*Directions:* The answer is the set of lines that include "note", copied from the data below.

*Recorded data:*

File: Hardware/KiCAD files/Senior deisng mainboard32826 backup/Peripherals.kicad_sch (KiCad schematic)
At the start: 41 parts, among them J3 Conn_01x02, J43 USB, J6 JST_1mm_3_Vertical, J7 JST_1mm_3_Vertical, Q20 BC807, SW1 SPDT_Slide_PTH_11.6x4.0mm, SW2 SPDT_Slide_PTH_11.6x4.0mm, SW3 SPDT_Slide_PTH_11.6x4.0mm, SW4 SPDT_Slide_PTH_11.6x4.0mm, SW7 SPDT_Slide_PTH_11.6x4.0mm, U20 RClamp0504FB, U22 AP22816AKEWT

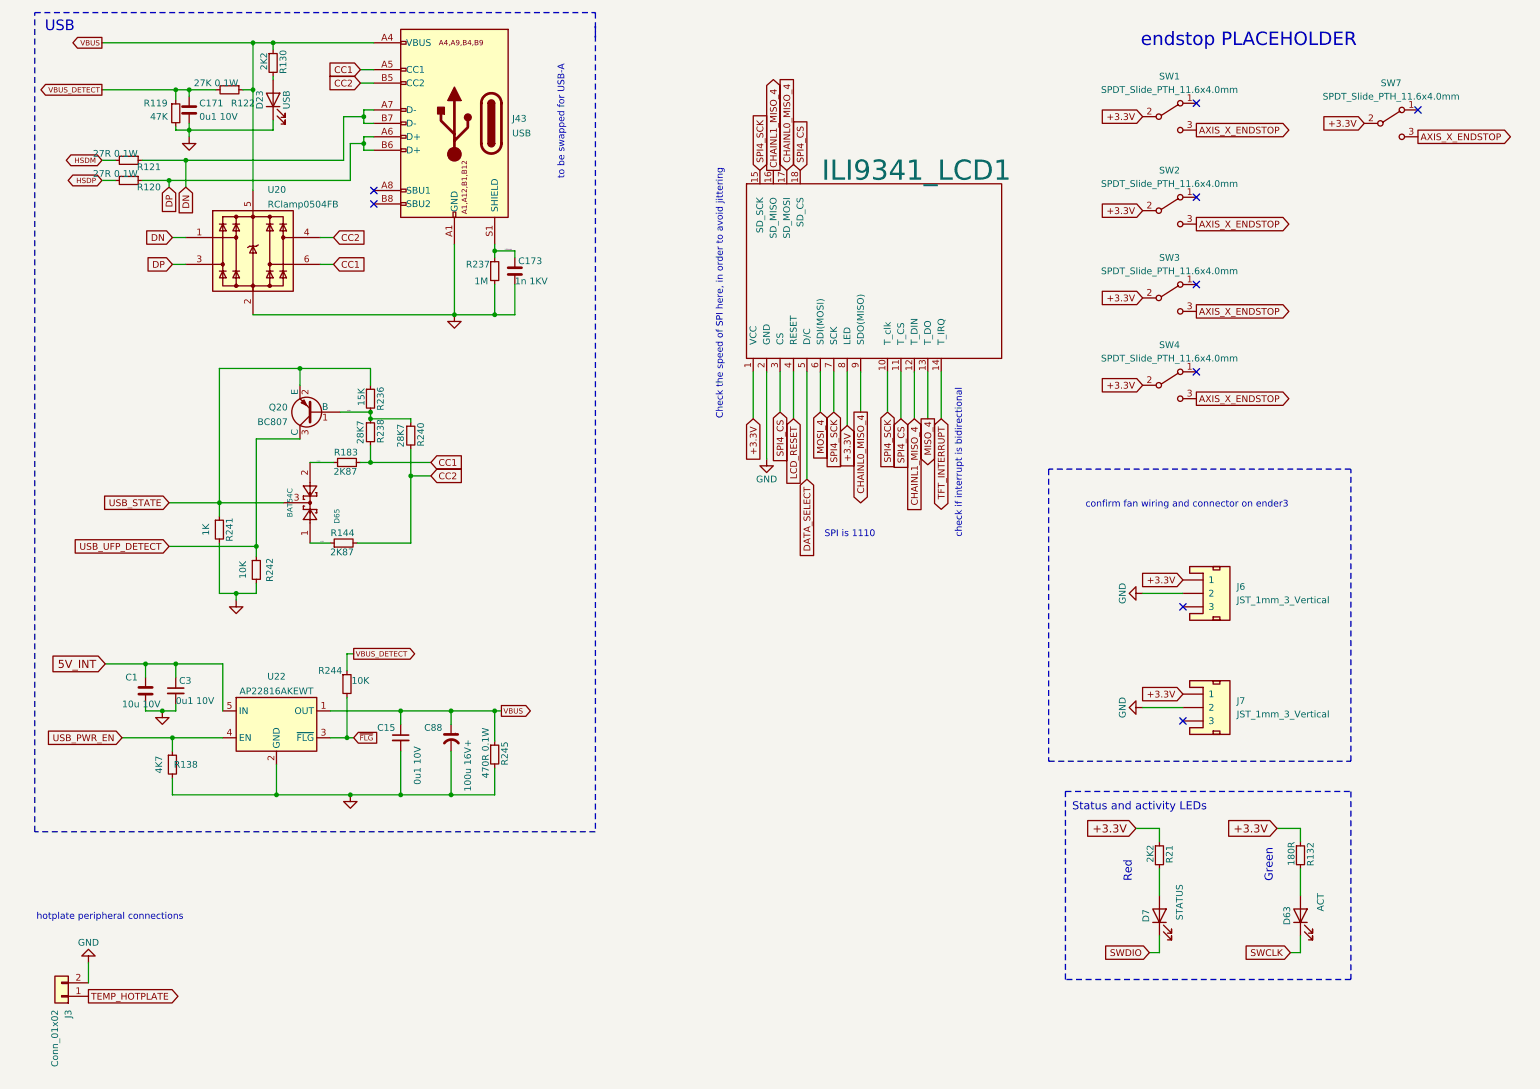
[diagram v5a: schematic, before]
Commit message: swapping connectors and rewiring through the project.
we verified connections with the ender3. a few placeholders replaced.
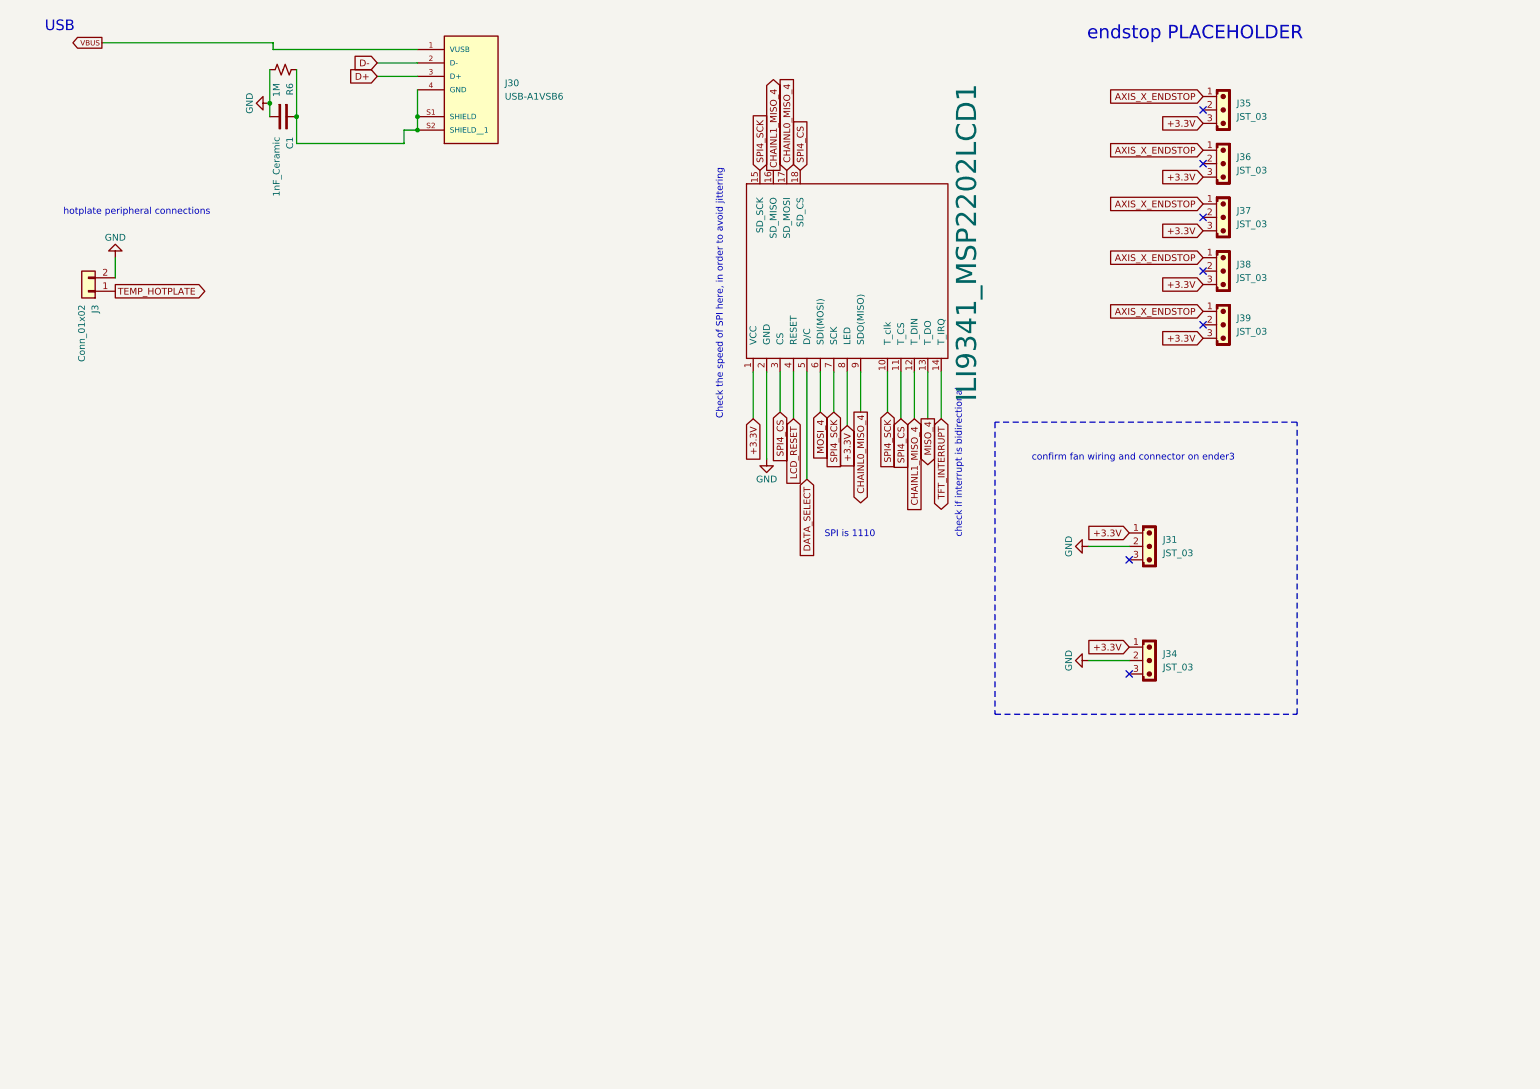
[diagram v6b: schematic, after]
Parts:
- removed C1: 10u 10V, Capacitor_SMD:C_0805_2012Metric, symbol Duet3:C_SMALL
- removed C15, C3: 0u1 10V, Capacitor_SMD:C_0402_1005Metric_Wbry, symbol Device:C_Small
- removed C171: 0u1 10V, Capacitor_SMD:C_0402_1005Metric_Wbry, symbol Duet3:C_SMALL
- removed C173: 1n 1KV, Capacitor_SMD:C_0805_2012Metric, symbol Duet3:C_SMALL
- removed C88: 100u 16V+, Capacitor_SMD:CP_Elec_6.3x7.7, symbol Duet3:C_POL
- removed D23: USB, LED_SMD:LED_0603_1608Metric, symbol Device:LED
- removed D63: ACT, LED_SMD:LED_0603_1608Metric, symbol Device:LED
- removed D65: BAT54C, Package_TO_SOT_SMD:SOT-23, symbol Diode:BAT54C
- removed D7: STATUS, LED_SMD:LED_0603_1608Metric, symbol Device:LED
- removed J43: USB, complib:USB_C_Receptacle_Valcon_CSP-USC16-TR, symbol Duet3:USB_C_Receptacle_USB2.0_16pin
- removed J6, J7: JST_1mm_3_Vertical, PCM_SparkFun-Connector:JST_1x03_P1.0mm_Vertical_SMD, symbol PCM_SparkFun-Connector:Conn_01x03_JST_P1.0mm_Vertical_SMD
- removed Q20: BC807, Package_TO_SOT_SMD:SOT-23, symbol Transistor_BJT:BC807
- removed R119: 47K, Resistor_SMD:R_0402_1005Metric_Wbry, symbol Device:R_Small
- removed R120, R121: 27R 0.1W, Resistor_SMD:R_0402_1005Metric_Wbry, symbol Device:R_Small
- removed R122: 27K 0.1W, Resistor_SMD:R_0402_1005Metric_Wbry, symbol Device:R_Small
- removed R130, R21: 2K2, Resistor_SMD:R_0402_1005Metric_Wbry, symbol Device:R_Small
- removed R132: 180R, Resistor_SMD:R_0402_1005Metric_Wbry, symbol Device:R_Small
- removed R138: 4K7, Resistor_SMD:R_0402_1005Metric_Wbry, symbol Device:R_Small
- removed R144, R183: 2K87, Resistor_SMD:R_0402_1005Metric_Wbry, symbol Device:R_Small
- removed R236: 15K, Resistor_SMD:R_0402_1005Metric_Wbry, symbol Device:R_Small
- removed R237: 1M, Resistor_SMD:R_0805_2012Metric, symbol Device:R_Small
- removed R238, R240: 28K7, Resistor_SMD:R_0402_1005Metric_Wbry, symbol Device:R_Small
- removed R241: 1K, Resistor_SMD:R_0402_1005Metric_Wbry, symbol Device:R_Small
- removed R242, R244: 10K, Resistor_SMD:R_0402_1005Metric_Wbry, symbol Device:R_Small
- removed R245: 470R 0.1W, Resistor_SMD:R_0402_1005Metric_Wbry, symbol Device:R_Small
- removed SW1, SW2, SW3, SW4, SW7: SPDT_Slide_PTH_11.6x4.0mm, PCM_SparkFun-Switch:Slide_SPDT_PTH_11.6x4.0mm, symbol PCM_SparkFun-Switch:SPDT_Slide_PTH_11.6x4.0mm
- removed U20: RClamp0504FB, complib:SC-70-6L, symbol Duet3:RClamp0504FB
- removed U22: AP22816AKEWT, Package_TO_SOT_SMD:SOT-23-5, symbol Power_Management:AP2161W
- added C1: 1nF_Ceramic, Capacitor_THT:C_Disc_D5.0mm_W2.5mm_P2.50mm, symbol PCM_SL_Capacitors:1nF_Ceramic
- added J30: USB-A1VSB6, USB-A1VSB6:ONSHORE_USB-A1VSB6, symbol USB-A1VSB6:USB-A1VSB6
- added J31, J34, J35, J36, J37, J38, J39: JST_03, Connector_JST:JST_EH_B3B-EH-A_1x03_P2.50mm_Vertical, symbol PCM_SL_Connectors:JST_03
- added R6: 1M, PCM_SparkFun-Resistor:R_0603_1608Metric, symbol PCM_SparkFun-Resistor:1M_0603
- renumbered ILI9341_LCD1 to ILI9341_MSP2202LCD1
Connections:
- net +3.3V: now also J31.1, J34.1, J35.3, J36.3, J37.3, J38.3, J39.3
- net AXIS_X_ENDSTOP: now also J35.1, J36.1, J37.1, J38.1, J39.1
- net GND: now also C1.1, J31.2, J34.2, R6.1
- net VBUS: now also J30.1 (VUSB)
- new net: C1.2, J30.4 (GND), J30.S1 (SHIELD), J30.S2 (SHIELD__1), R6.2
- new net D+: J30.3 (D+)
- new net D-: J30.2 (D-)
- no-connect marks 9 -> 7
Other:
- note removed: "Green"
- note removed: "Red"
- note removed: "Status and activity LEDs"
- note removed: "to be swapped for USB-A"
- moved on the sheet: ILI9341_MSP2202LCD1, J3

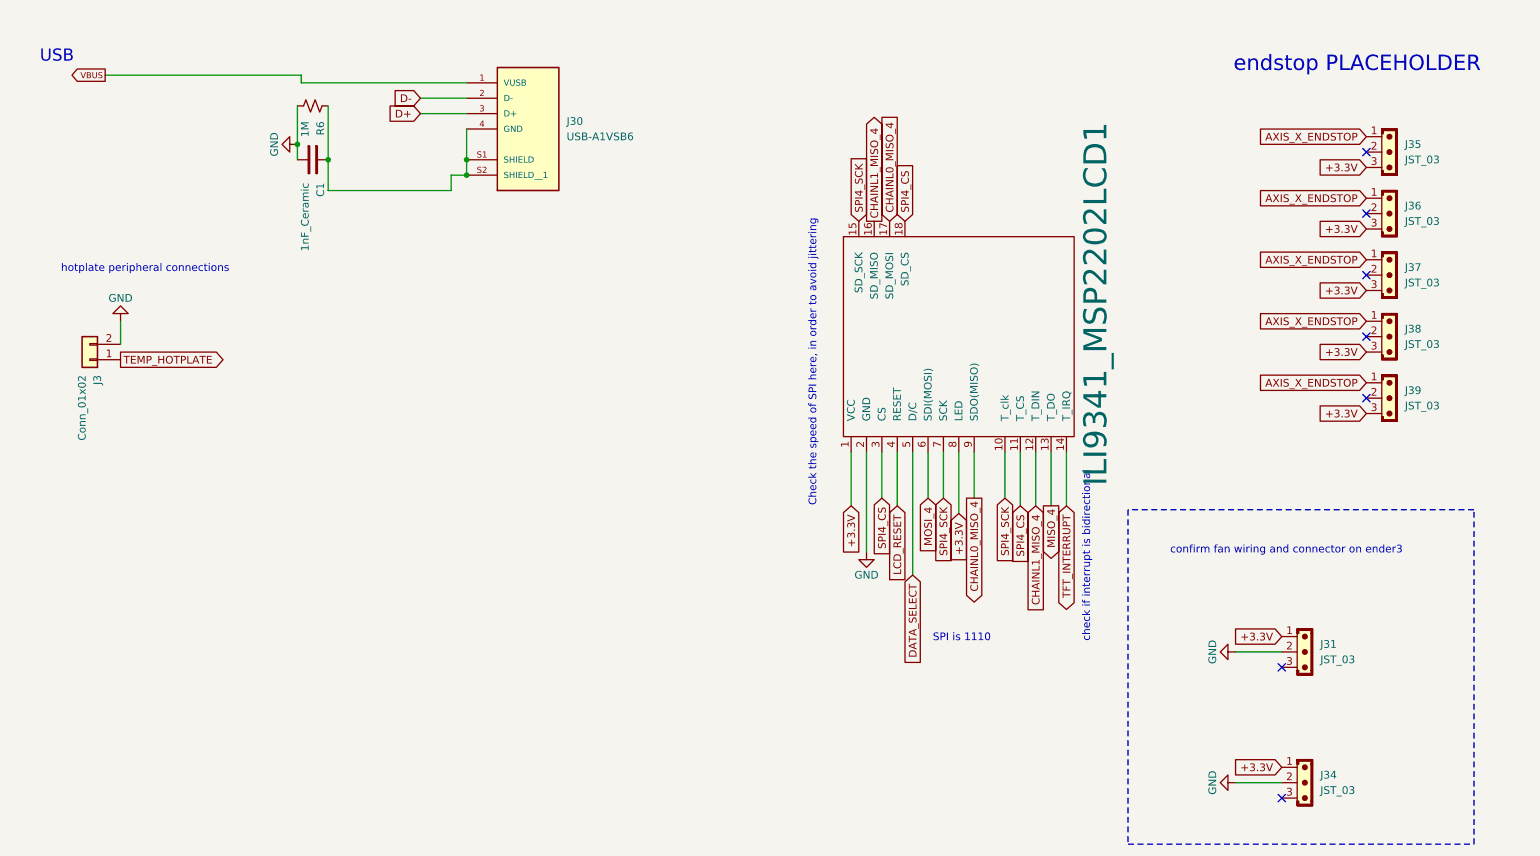
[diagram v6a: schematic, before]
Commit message: New project made to reflect layouts
New project files made in order to generate accurate layouts and create neatness.
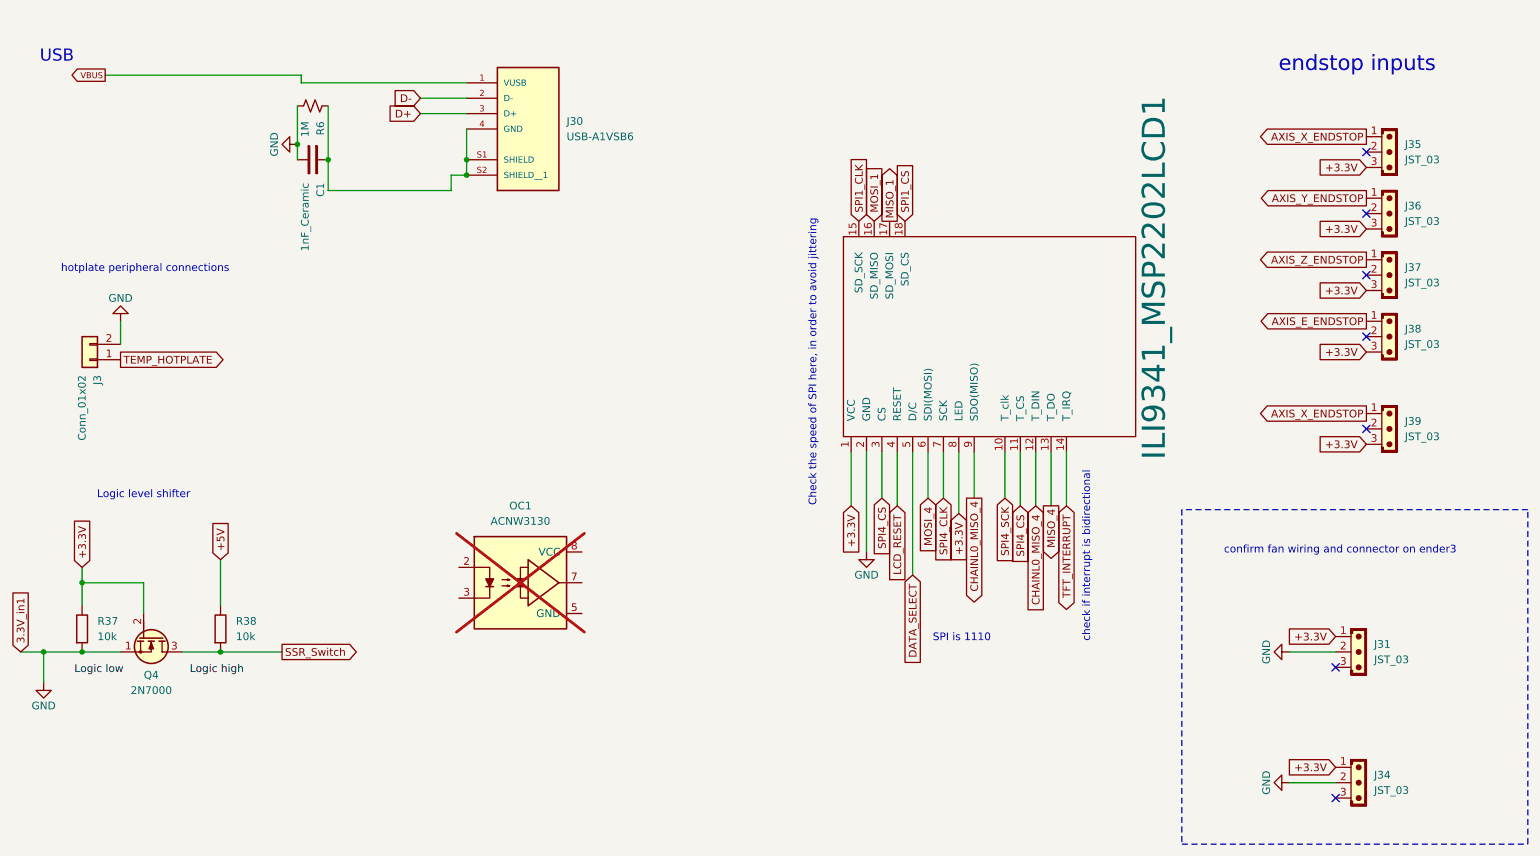
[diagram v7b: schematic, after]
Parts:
- added OC1: ACNW3130, PCM_Package_DIP_AKL:DIP-8_W7.62mm_LongPads, symbol PCM_Optocoupler_Gate_Driver_AKL:ACNW3130
- added Q4: 2N7000, PCM_Package_TO_SOT_THT_AKL:TO-92_Inline_Wide_SGD, symbol PCM_Transistor_MOSFET_AKL:2N7000
- added R37, R38: 10k, Resistor_THT:R_Axial_DIN0207_L6.3mm_D2.5mm_P10.16mm_Horizontal, symbol PCM_SL_Resistors:10k
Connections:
- net +3.3V: now also Q4.2 (G), R37.2
- net AXIS_X_ENDSTOP: no longer J36.1, J37.1, J38.1
- net CHAINL0_MISO_4: now also ILI9341_MSP2202LCD1.12 (T_DIN); no longer ILI9341_MSP2202LCD1.17 (SD_MOSI)
- net GND: now also Q4.1 (S), R37.1
- net SPI4_CS: no longer ILI9341_MSP2202LCD1.18 (SD_CS)
- net SPI4_SCK: no longer ILI9341_MSP2202LCD1.15 (SD_SCK), ILI9341_MSP2202LCD1.7 (SCK)
- net CHAINL1_MISO_4 renamed MOSI_1
- net MOSI_1: no longer ILI9341_MSP2202LCD1.12 (T_DIN)
- new net +5V: R38.2
- new net AXIS_E_ENDSTOP: J38.1
- new net AXIS_Y_ENDSTOP: J36.1
- new net AXIS_Z_ENDSTOP: J37.1
- new net MISO_1: ILI9341_MSP2202LCD1.17 (SD_MOSI)
- new net SPI1_CLK: ILI9341_MSP2202LCD1.15 (SD_SCK)
- new net SPI1_CS: ILI9341_MSP2202LCD1.18 (SD_CS)
- new net SPI4_CLK: ILI9341_MSP2202LCD1.7 (SCK)
- new net SSR_Switch: Q4.3 (D), R38.1
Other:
- note added: "Logic level shifter"
- note added: "endstop inputs"
- note removed: "endstop PLACEHOLDER"
- moved on the sheet: ILI9341_MSP2202LCD1, J31, J34, J39

*Solution:*
- note removed: "Green"
- note removed: "Red"
- note removed: "Status and activity LEDs"
- note removed: "to be swapped for USB-A"
- note added: "Logic level shifter"
- note added: "endstop inputs"
- note removed: "endstop PLACEHOLDER"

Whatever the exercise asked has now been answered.